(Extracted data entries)
——

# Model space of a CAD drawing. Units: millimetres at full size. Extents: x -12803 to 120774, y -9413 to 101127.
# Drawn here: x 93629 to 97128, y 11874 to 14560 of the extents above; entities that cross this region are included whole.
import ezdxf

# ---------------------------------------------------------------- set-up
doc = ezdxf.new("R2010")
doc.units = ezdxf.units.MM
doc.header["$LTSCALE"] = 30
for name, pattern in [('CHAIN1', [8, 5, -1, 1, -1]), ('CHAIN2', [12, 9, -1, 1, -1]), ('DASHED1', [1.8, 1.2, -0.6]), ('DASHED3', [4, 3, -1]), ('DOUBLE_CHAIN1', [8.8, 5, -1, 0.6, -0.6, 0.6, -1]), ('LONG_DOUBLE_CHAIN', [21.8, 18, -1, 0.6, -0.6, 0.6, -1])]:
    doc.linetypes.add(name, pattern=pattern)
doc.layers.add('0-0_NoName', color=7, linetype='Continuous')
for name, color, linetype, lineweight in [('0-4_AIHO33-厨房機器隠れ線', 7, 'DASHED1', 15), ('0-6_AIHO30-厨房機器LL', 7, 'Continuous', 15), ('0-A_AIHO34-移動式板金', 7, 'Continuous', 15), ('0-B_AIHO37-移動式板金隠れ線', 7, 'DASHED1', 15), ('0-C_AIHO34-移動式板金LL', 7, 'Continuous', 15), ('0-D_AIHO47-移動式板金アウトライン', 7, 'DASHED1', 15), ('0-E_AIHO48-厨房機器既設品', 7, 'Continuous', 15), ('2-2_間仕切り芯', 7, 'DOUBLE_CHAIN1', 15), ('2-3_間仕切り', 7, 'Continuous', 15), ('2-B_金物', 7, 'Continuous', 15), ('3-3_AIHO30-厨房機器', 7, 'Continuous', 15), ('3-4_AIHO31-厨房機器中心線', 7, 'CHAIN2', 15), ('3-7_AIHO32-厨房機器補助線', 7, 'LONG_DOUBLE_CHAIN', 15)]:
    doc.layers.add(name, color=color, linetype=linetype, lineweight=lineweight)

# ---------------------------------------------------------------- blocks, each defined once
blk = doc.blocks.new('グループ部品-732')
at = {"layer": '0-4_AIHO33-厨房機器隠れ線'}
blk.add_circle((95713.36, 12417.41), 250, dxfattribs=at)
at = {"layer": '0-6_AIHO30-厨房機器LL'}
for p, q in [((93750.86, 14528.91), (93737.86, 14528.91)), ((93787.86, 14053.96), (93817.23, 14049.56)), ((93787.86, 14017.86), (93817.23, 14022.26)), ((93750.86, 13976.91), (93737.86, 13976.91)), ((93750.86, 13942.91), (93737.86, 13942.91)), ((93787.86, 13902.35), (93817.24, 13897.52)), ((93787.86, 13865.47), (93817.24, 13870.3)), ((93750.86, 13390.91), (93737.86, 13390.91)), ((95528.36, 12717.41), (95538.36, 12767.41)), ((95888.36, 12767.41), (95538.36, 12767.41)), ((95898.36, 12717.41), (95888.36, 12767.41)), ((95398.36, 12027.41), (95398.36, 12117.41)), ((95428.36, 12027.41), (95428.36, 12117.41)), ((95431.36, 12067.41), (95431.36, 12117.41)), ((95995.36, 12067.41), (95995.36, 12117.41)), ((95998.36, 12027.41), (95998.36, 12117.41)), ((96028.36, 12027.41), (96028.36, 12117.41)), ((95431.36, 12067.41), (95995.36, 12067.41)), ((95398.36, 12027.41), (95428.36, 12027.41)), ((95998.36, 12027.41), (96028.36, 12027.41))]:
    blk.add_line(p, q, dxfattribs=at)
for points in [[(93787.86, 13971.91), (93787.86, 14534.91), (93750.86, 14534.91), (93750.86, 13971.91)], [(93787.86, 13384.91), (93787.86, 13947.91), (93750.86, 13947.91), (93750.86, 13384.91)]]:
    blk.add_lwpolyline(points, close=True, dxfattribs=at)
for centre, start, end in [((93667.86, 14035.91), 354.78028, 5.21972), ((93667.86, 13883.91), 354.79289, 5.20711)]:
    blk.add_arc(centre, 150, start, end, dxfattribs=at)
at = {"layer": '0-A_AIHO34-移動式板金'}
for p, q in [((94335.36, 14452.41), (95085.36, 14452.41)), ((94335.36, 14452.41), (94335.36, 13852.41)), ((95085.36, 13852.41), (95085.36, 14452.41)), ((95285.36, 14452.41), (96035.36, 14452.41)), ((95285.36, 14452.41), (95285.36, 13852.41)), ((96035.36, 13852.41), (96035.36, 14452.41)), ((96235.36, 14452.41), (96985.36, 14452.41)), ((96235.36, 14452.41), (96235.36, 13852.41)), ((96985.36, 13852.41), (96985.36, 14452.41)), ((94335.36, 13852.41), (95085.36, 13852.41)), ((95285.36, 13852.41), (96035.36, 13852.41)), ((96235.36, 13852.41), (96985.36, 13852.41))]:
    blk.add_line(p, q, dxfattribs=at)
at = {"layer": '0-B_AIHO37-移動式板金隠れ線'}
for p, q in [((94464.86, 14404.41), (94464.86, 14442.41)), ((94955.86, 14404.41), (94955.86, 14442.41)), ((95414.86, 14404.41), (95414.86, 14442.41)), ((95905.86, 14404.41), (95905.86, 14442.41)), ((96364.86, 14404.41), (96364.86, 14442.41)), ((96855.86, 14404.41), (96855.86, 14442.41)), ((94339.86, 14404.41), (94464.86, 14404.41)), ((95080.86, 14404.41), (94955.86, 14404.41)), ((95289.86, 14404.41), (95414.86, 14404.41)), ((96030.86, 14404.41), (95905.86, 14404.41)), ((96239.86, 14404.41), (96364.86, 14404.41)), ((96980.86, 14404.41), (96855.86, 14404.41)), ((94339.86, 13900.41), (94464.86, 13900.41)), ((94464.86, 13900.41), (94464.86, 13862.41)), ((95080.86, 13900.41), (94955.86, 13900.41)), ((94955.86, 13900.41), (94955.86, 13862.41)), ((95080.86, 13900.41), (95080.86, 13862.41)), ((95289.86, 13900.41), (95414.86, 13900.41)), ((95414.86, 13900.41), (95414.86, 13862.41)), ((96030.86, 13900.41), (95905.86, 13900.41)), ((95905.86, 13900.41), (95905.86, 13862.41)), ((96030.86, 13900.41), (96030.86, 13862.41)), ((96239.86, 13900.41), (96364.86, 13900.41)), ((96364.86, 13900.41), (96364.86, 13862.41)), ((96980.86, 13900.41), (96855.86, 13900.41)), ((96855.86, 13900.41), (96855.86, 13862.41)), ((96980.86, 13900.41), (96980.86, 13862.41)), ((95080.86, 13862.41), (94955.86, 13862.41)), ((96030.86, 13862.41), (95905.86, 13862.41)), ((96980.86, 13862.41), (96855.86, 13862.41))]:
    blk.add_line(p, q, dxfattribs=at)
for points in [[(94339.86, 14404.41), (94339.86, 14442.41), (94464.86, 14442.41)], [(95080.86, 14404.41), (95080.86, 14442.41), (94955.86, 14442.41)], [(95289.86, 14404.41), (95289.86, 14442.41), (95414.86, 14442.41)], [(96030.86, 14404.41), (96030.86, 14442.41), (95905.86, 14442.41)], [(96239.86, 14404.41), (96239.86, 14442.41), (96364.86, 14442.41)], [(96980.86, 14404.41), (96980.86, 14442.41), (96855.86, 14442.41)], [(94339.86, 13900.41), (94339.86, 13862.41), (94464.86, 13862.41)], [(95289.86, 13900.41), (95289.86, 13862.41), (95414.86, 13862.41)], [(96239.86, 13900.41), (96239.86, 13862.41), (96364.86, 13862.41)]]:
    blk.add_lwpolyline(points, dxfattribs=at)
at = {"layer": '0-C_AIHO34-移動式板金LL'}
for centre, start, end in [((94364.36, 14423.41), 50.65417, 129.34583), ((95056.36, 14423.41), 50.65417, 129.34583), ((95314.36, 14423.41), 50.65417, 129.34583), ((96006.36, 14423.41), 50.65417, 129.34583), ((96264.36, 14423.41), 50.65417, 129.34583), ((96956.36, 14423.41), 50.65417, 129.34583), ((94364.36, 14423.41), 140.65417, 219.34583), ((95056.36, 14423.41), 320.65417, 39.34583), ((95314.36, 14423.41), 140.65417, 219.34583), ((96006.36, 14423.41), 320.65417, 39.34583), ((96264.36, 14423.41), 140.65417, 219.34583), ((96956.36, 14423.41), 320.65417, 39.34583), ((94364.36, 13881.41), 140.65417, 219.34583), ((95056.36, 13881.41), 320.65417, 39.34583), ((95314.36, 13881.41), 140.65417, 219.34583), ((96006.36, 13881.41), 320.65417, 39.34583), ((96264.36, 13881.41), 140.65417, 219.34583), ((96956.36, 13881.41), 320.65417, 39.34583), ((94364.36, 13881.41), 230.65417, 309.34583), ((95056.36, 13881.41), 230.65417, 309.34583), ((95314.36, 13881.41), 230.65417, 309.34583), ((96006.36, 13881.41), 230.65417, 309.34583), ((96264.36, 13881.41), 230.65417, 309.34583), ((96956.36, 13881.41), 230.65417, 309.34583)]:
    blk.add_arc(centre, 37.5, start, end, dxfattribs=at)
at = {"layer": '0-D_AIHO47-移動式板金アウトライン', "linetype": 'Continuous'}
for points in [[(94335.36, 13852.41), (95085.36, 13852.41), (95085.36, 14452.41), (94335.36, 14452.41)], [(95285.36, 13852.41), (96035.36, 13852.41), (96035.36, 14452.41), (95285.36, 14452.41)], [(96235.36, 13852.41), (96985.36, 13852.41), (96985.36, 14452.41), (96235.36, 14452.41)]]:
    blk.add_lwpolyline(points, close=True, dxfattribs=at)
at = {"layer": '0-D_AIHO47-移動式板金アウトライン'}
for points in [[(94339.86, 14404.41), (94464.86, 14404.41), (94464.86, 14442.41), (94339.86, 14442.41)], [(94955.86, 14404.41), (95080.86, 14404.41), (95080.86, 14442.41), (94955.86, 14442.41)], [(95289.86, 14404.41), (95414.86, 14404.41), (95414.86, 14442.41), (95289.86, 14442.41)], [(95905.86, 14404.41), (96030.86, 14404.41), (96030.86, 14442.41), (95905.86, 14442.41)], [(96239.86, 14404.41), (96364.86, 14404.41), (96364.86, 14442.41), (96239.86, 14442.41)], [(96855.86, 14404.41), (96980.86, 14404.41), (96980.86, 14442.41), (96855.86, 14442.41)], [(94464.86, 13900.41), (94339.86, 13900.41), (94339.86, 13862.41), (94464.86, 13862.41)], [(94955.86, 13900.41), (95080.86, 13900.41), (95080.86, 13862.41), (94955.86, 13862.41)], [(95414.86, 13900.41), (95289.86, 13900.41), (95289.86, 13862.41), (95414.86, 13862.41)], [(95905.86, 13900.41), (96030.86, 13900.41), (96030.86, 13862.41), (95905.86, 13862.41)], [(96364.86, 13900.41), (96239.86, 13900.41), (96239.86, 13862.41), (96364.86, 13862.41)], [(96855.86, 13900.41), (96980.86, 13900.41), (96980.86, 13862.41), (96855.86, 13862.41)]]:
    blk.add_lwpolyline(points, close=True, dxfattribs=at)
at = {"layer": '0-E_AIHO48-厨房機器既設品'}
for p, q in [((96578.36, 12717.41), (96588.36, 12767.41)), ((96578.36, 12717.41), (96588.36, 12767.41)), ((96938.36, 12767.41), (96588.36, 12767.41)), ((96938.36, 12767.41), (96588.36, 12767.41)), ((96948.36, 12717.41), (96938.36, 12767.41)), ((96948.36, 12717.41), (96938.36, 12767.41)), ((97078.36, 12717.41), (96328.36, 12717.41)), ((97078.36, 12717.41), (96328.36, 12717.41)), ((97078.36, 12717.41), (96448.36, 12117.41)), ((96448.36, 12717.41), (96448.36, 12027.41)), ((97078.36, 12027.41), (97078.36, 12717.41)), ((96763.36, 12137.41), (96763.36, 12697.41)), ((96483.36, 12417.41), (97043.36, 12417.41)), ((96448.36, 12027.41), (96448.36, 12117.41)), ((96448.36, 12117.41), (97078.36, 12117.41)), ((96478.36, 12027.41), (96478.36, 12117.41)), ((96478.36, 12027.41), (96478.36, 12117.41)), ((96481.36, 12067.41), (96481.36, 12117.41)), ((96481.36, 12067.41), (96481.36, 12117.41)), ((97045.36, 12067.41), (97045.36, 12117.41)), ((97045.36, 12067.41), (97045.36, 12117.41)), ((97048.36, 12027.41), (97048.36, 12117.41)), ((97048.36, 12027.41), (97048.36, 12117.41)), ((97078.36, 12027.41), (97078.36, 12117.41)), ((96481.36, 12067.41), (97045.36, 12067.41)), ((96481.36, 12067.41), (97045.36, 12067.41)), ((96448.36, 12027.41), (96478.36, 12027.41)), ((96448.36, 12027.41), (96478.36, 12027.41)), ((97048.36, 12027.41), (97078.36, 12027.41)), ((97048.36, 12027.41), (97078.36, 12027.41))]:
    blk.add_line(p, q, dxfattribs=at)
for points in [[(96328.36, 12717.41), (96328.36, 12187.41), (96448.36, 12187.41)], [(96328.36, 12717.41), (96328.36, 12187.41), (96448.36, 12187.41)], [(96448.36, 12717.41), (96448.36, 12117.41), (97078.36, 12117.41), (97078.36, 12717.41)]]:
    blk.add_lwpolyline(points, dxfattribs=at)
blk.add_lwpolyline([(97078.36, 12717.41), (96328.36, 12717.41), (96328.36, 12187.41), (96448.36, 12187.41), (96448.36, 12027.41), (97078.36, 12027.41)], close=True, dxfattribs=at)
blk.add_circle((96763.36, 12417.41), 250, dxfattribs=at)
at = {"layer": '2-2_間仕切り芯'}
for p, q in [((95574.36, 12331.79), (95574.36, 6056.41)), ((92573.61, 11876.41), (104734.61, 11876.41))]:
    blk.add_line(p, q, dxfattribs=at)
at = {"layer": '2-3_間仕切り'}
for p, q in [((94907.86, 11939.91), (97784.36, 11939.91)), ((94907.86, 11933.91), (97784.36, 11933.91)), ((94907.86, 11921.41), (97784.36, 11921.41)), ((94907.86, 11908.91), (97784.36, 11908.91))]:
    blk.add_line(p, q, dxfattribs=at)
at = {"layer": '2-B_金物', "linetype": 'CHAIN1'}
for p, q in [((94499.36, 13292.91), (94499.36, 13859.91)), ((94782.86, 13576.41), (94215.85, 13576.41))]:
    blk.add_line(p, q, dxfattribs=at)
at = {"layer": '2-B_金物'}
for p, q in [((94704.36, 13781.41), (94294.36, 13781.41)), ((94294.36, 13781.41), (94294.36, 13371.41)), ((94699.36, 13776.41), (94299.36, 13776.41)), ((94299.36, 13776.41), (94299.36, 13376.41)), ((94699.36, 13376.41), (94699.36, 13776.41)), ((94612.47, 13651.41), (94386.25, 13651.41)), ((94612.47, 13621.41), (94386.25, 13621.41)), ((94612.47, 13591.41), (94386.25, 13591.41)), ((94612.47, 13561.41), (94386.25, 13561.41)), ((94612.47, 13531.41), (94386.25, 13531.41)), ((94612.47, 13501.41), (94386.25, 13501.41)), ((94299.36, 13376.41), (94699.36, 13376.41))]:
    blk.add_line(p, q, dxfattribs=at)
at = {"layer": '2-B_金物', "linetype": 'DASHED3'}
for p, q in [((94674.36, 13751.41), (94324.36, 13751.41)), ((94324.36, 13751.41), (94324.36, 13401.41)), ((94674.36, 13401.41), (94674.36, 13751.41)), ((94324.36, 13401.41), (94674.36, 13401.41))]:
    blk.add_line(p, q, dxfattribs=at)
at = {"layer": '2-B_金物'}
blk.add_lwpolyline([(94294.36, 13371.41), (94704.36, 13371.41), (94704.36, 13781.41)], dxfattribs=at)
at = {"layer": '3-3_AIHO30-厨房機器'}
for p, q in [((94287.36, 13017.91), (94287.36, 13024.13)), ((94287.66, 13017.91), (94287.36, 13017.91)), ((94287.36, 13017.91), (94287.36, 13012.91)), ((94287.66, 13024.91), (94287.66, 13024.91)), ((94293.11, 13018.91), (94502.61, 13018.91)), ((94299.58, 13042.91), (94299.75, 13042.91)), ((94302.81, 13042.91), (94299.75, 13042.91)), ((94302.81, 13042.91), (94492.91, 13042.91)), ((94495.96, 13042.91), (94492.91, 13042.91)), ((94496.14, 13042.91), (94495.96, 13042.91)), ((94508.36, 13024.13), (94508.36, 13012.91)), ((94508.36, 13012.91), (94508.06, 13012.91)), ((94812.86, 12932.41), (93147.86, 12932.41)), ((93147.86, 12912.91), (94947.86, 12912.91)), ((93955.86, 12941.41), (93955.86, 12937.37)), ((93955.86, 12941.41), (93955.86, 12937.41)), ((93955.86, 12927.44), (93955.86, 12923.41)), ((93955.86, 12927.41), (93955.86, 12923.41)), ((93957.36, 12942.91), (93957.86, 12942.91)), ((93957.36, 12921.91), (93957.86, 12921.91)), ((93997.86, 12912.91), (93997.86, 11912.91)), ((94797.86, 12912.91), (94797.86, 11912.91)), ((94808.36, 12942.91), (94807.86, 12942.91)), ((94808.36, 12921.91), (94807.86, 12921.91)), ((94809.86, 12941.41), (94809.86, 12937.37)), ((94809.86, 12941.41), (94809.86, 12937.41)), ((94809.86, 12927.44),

——

• WHAT IS BEING ASKED
A single number is the whole answer: the count of lines above that hold "ezdxf".

• SOLUTION FOR THIS EXERCISE
3